The ITC’s findings come under a 60-day presidential review from 22 December. The penalty on Apple comes under a Limited Exclusion Order (LEO), a cease and desist order. It sets a bond in the amount of $2 per unit of infringing Apple Watches imported or sold during this review period. However, enforcement of the ruling will be delayed until the review of AliveCor’s appeal of the PTAB ruling wends its way through that process in the Northern District of California, which is expected to take place in early 2024, a year from now.

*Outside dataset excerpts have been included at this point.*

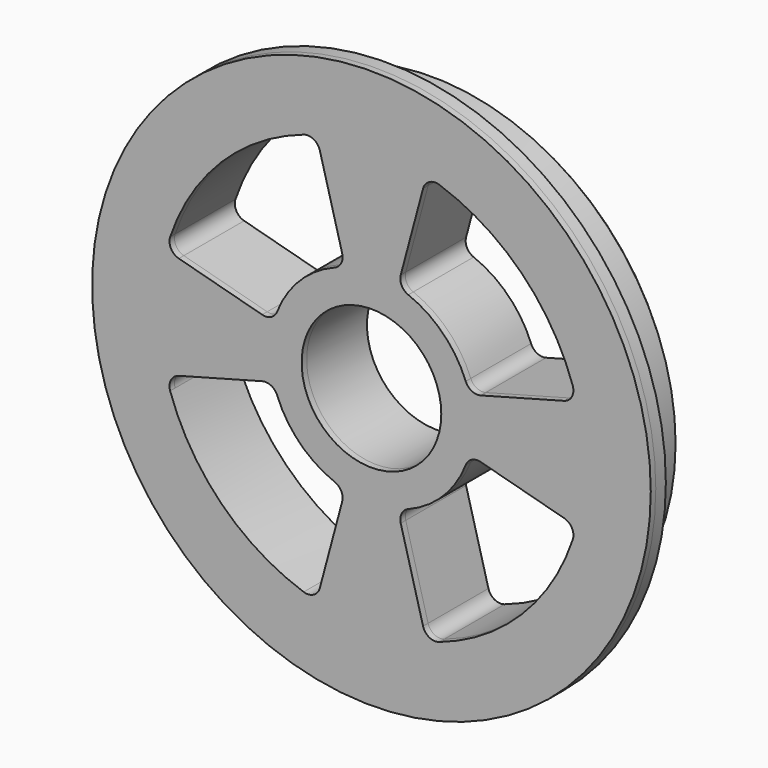
from build123d import *

# Parameters (mm, degrees)
F0_R     = 38.8
F0_R_2   = 11.1125
F1_DEPTH = 12
F2_R     = 44.45
F2_R_2   = 38.8
F3_DEPTH = 2
F6_DEPTH = 25
F7_R     = 2
F8_SIZE  = 1
F9_DEPTH = 1


with BuildPart() as f1:
    # F0 (on Front) → F1 (new body)
    with BuildSketch(Plane.XZ):
        Circle(F0_R)
        Circle(F0_R_2, mode=Mode.SUBTRACT)
    extrude(amount=F1_DEPTH)

    # F2 (on face) → F3 (join)
    with BuildSketch(Plane.XZ.offset(12)):
        Circle(F2_R)
        Circle(F2_R_2, mode=Mode.SUBTRACT)
    extrude(amount=-F3_DEPTH)

    # F5 (on face) → F6 (cut)
    with BuildSketch(Plane.XZ.offset(12)):
        with BuildLine():
            ThreePointArc((8.7480837245, -32.6482929286), (23.9002092041, -23.9002092041), (32.6482929286, -8.7480837245))
            Line((32.6482929286, -8.7480837245), (15.5634798761, -4.1702218642))
            ThreePointArc((15.5634798761, -4.1702218642), (11.3932580119, -11.3932580119), (4.1702218642, -15.5634798761))
            Line((4.1702218642, -15.5634798761), (8.7480837245, -32.6482929286))
        make_face()
        with BuildLine():
            ThreePointArc((-32.6482929286, -8.7480837245), (-23.9002092041, -23.9002092041), (-8.7480837245, -32.6482929286))
            Line((-8.7480837245, -32.6482929286), (-4.1702218642, -15.5634798761))
            ThreePointArc((-4.1702218642, -15.5634798761), (-11.3932580119, -11.3932580119), (-15.5634798761, -4.1702218642))
            Line((-15.5634798761, -4.1702218642), (-32.6482929286, -8.7480837245))
        make_face()
        with BuildLine():
            Line((-4.1702218642, 15.5634798761), (-8.7480837245, 32.6482929286))
            ThreePointArc((-8.7480837245, 32.6482929286), (-23.9002092041, 23.9002092041), (-32.6482929286, 8.7480837245))
            Line((-32.6482929286, 8.7480837245), (-15.5634798761, 4.1702218642))
            ThreePointArc((-15.5634798761, 4.1702218642), (-11.3932580119, 11.3932580119), (-4.1702218642, 15.5634798761))
        make_face()
        with BuildLine():
            Line((15.5634798761, 4.1702218642), (32.6482929286, 8.7480837245))
            ThreePointArc((32.6482929286, 8.7480837245), (23.9002092041, 23.9002092041), (8.7480837245, 32.6482929286))
            Line((8.7480837245, 32.6482929286), (4.1702218642, 15.5634798761))
            ThreePointArc((4.1702218642, 15.5634798761), (11.3932580119, 11.3932580119), (15.5634798761, 4.1702218642))
        make_face()
    extrude(amount=-F6_DEPTH, mode=Mode.SUBTRACT)

    # F7
    f7_edges = [f1.edges().sort_by_distance(p)[0] for p in [
        (-8.748084, -6, -32.648293),
        (-4.170222, -6, -15.56348),
        (-15.56348, -6, -4.170222),
        (-32.648293, -6, -8.748084),
        (4.170222, -6, -15.56348),
        (8.748084, -6, -32.648293),
        (15.56348, -6, -4.170222),
        (32.648293, -6, -8.748084),
        (8.748084, -6, 32.648293),
        (32.648293, -6, 8.748084),
        (15.56348, -6, 4.170222),
        (4.170222, -6, 15.56348),
        (-4.170222, -6, 15.56348),
        (-15.56348, -6, 4.170222),
        (-8.748084, -6, 32.648293),
        (-32.648293, -6, 8.748084),
    ]]
    fillet(f7_edges, radius=F7_R)

    # F8
    f8_edges = [f1.edges().sort_by_distance(p)[0] for p in [
        (-38.8, 0, 0),
    ]]
    chamfer(f8_edges, length=F8_SIZE)

    # F9 (add): a face of the model
    f9_faces = [f1.faces().sort_by_distance(p)[0] for p in [
        (-10.5042580119, -12, -10.5042580119),
    ]]
    extrude(f9_faces, amount=F9_DEPTH)


solid = f1.part
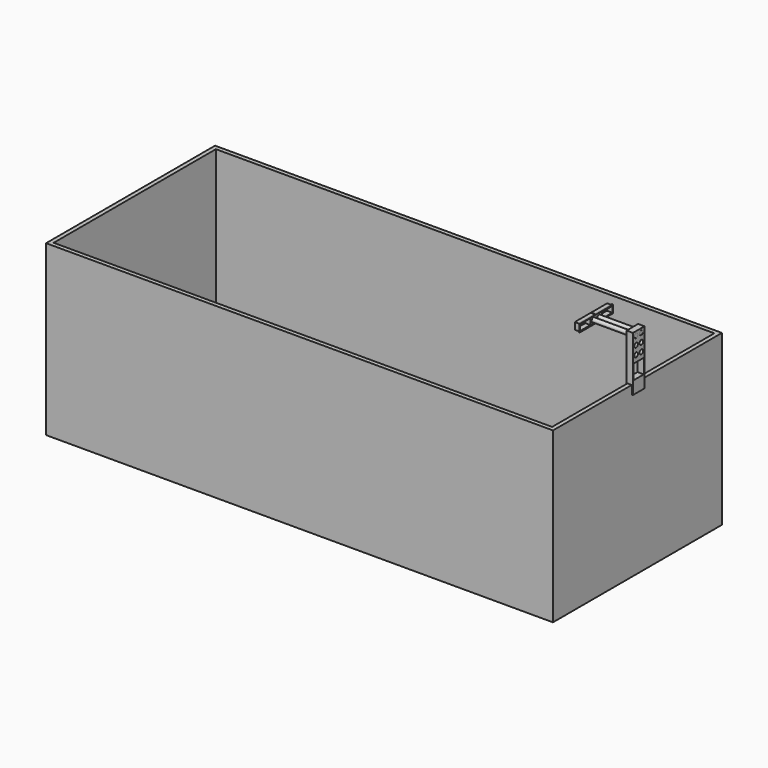
from build123d import *

# Parameters (mm, degrees)
F0_W          = 1.5
F0_H          = 1
F0_H_2        = 16
F0_R          = 5.25
F0_W_2        = 30
F0_H_3        = 14
F1_DEPTH      = 3
F2_DEPTH      = 10
F2_DEPTH_BACK = 2
F5_W          = 1200
F5_H          = 500
F5_W_2        = 1180
F5_H_2        = 480
F6_DEPTH      = 400
F7_W          = 10
F7_H          = 2
F7_W_2        = 1
F7_H_2        = 30
F8_DEPTH      = 10
F9_DEPTH      = 20
F10_R         = 5.25
F11_DEPTH     = 15
F12_W         = 110
F12_H         = 5


# Not quite as in the source:
# - a feature names something its author has since deleted; it is built from what else it names
# - the program builds the solid bodies; features that only make, move or delete a surface that nothing else refers to are left out


with BuildPart() as f1:
    # F0 (on Right) → F1 (new body)
    with BuildSketch(Plane.YZ):
        Polygon((-0.75, 9), (-49.5, 9), (-49.5, -9), (-0.75, -9), (-0.75, -8), (-13, -8), (-16, -8), (-48, -8), (-48, 8), (-16, 8), (-13, 8), (-0.75, 8), align=None)
        with Locations((0, 8.5)):
            Rectangle(F0_W, F0_H)
        Polygon((49.5, 9), (0.75, 9), (0.75, 8), (13, 8), (16, 8), (48, 8), (48, -8), (16, -8), (13, -8), (0.75, -8), (0.75, -9), (49.5, -9), align=None)
        with Locations((0, -8.5)):
            Rectangle(F0_W, F0_H)
        Rectangle(F0_W, F0_H_2)
        Polygon((13, 8), (0.75, 8), (0.75, -8), (13, -8), (16, -8), (48, -8), (48, 8), (16, 8), align=None)
        with Locations((7.75, 0)):
            Circle(F0_R, mode=Mode.SUBTRACT)
        with Locations((32, 0)):
            Rectangle(F0_W_2, F0_H_3, mode=Mode.SUBTRACT)
    extrude(amount=F1_DEPTH)

    # F0 (on Right) → F2 (join, two sides)
    with BuildSketch(Plane.YZ) as f2_sk:
        Polygon((-0.75, -8), (-0.75, 8), (-13, 8), (-16, 8), (-48, 8), (-48, -8), (-16, -8), (-13, -8), align=None)
        with Locations((-32, 0)):
            Rectangle(F0_W_2, F0_H_3, mode=Mode.SUBTRACT)
        with Locations((-7.75, 0)):
            Circle(F0_R, mode=Mode.SUBTRACT)
        Polygon((13, 8), (0.75, 8), (0.75, -8), (13, -8), (16, -8), (48, -8), (48, 8), (16, 8), align=None)
        with Locations((7.75, 0)):
            Circle(F0_R, mode=Mode.SUBTRACT)
        with Locations((32, 0)):
            Rectangle(F0_W_2, F0_H_3, mode=Mode.SUBTRACT)
    extrude(amount=-F2_DEPTH)
    extrude(f2_sk.sketch, amount=F2_DEPTH_BACK)


with BuildPart() as f6:
    # F5 (on offset) → F6 (new body)
    with BuildSketch(Plane.XY.offset(-500)):
        with Locations((-500, 0)):
            Rectangle(F5_W, F5_H)
        with Locations((-500, 0)):
            Rectangle(F5_W_2, F5_H_2, mode=Mode.SUBTRACT)
    extrude(amount=F6_DEPTH)


with BuildPart() as f8:
    # F7 (on face) → F8 (new body)
    with BuildSketch(Plane.XY.offset(-100)):
        Polygon((101, 17), (101, 15), (101, -15), (101, -17), (103, -17), (103, 17), align=None)
        Polygon((90, -15), (90, 15), (90, 17), (88, 17), (88, -17), (90, -17), align=None)
        with Locations((95, 16)):
            Rectangle(F7_W, F7_H)
        with Locations((100.5, 16)):
            Rectangle(F7_W_2, F7_H)
        with Locations((100.5, -16)):
            Rectangle(F7_W_2, F7_H)
        with Locations((95, -16)):
            Rectangle(F7_W, F7_H)
        with Locations((100.5, 0)):
            Rectangle(F7_W_2, F7_H_2)
        with Locations((95, 0)):
            Rectangle(F7_W, F7_H_2)
    extrude(amount=F8_DEPTH)

    # F7 (on face) → F9 (join)
    with BuildSketch(Plane.XY.offset(-100)):
        Polygon((90, -15), (90, 15), (90, 17), (88, 17), (88, -17), (90, -17), align=None)
        Polygon((101, 17), (101, 15), (101, -15), (101, -17), (103, -17), (103, 17), align=None)
    extrude(amount=-F9_DEPTH)

    # F10 (on face) → F11 (join)
    with BuildSketch(Plane.YZ.offset(103)):
        Polygon((-15, -90), (-17, -90), (-17, -100), (17, -100), (17, -90), (15, -90), align=None)
        Polygon((-17, 9.5), (-17, -90), (-15, -90), (-15, -55.25), (15, -55.25), (15, -90), (17, -90), (17, 9.5), align=None)
        with Locations((-7.75, -40)):
            Circle(F10_R, mode=Mode.SUBTRACT)
        with Locations((-7.75, -20)):
            Circle(F10_R, mode=Mode.SUBTRACT)
        with Locations((-7.75, 0)):
            Circle(F10_R, mode=Mode.SUBTRACT)
        with Locations((7.75, -40)):
            Circle(F10_R, mode=Mode.SUBTRACT)
        with Locations((7.75, -20)):
            Circle(F10_R, mode=Mode.SUBTRACT)
        with Locations((7.75, 0)):
            Circle(F10_R, mode=Mode.SUBTRACT)
    extrude(amount=-F11_DEPTH)


with BuildPart() as f13:
    # F12 (on Top) → F13 (revolve)
    with BuildSketch(Plane.XY):
        with Locations((48, -5)):
            Rectangle(F12_W, F12_H)
    revolve(axis=Axis((48, -7.5, 0), (1, 0, 0)))


with BuildPart() as f14:
    # F12 (on Top) → F14 (revolve)
    with BuildSketch(Plane.XY):
        with Locations((48, 5)):
            Rectangle(F12_W, F12_H)
    revolve(axis=Axis((48, 7.5, 0), (1, 0, 0)))


solid = Compound([f1.part, f6.part, f8.part, f13.part, f14.part])

A running dispute since 2020. Once upon a time, AliveCor and Apple worked together to give ECG functionality to the Apple Watch. This ended after the Apple Watch 4 incorporated ECG readings. This resulted in court actions related to patents starting in early 2021 [TTA 29 Apr 21, 9 July 21]. Apple is now up to the Watch 8, incorporating more and more cardiac and health monitoring features. AliveCor has also moved on with financing with a GE Healthcare-backed Series F this past August, the KardiaMobile 6L, and the KardiaMobile Card. As of today, it has over 170 patents.

As this Editor remarked in December, going after a rival’s patents is an often necessary but risky business that can backfire. Right now, David has moved Goliath to a draw now, with further matchups this year into next. AliveCor release, Mobihealthnews      Hat tip to Dr. Dave Albert, founder and Reader.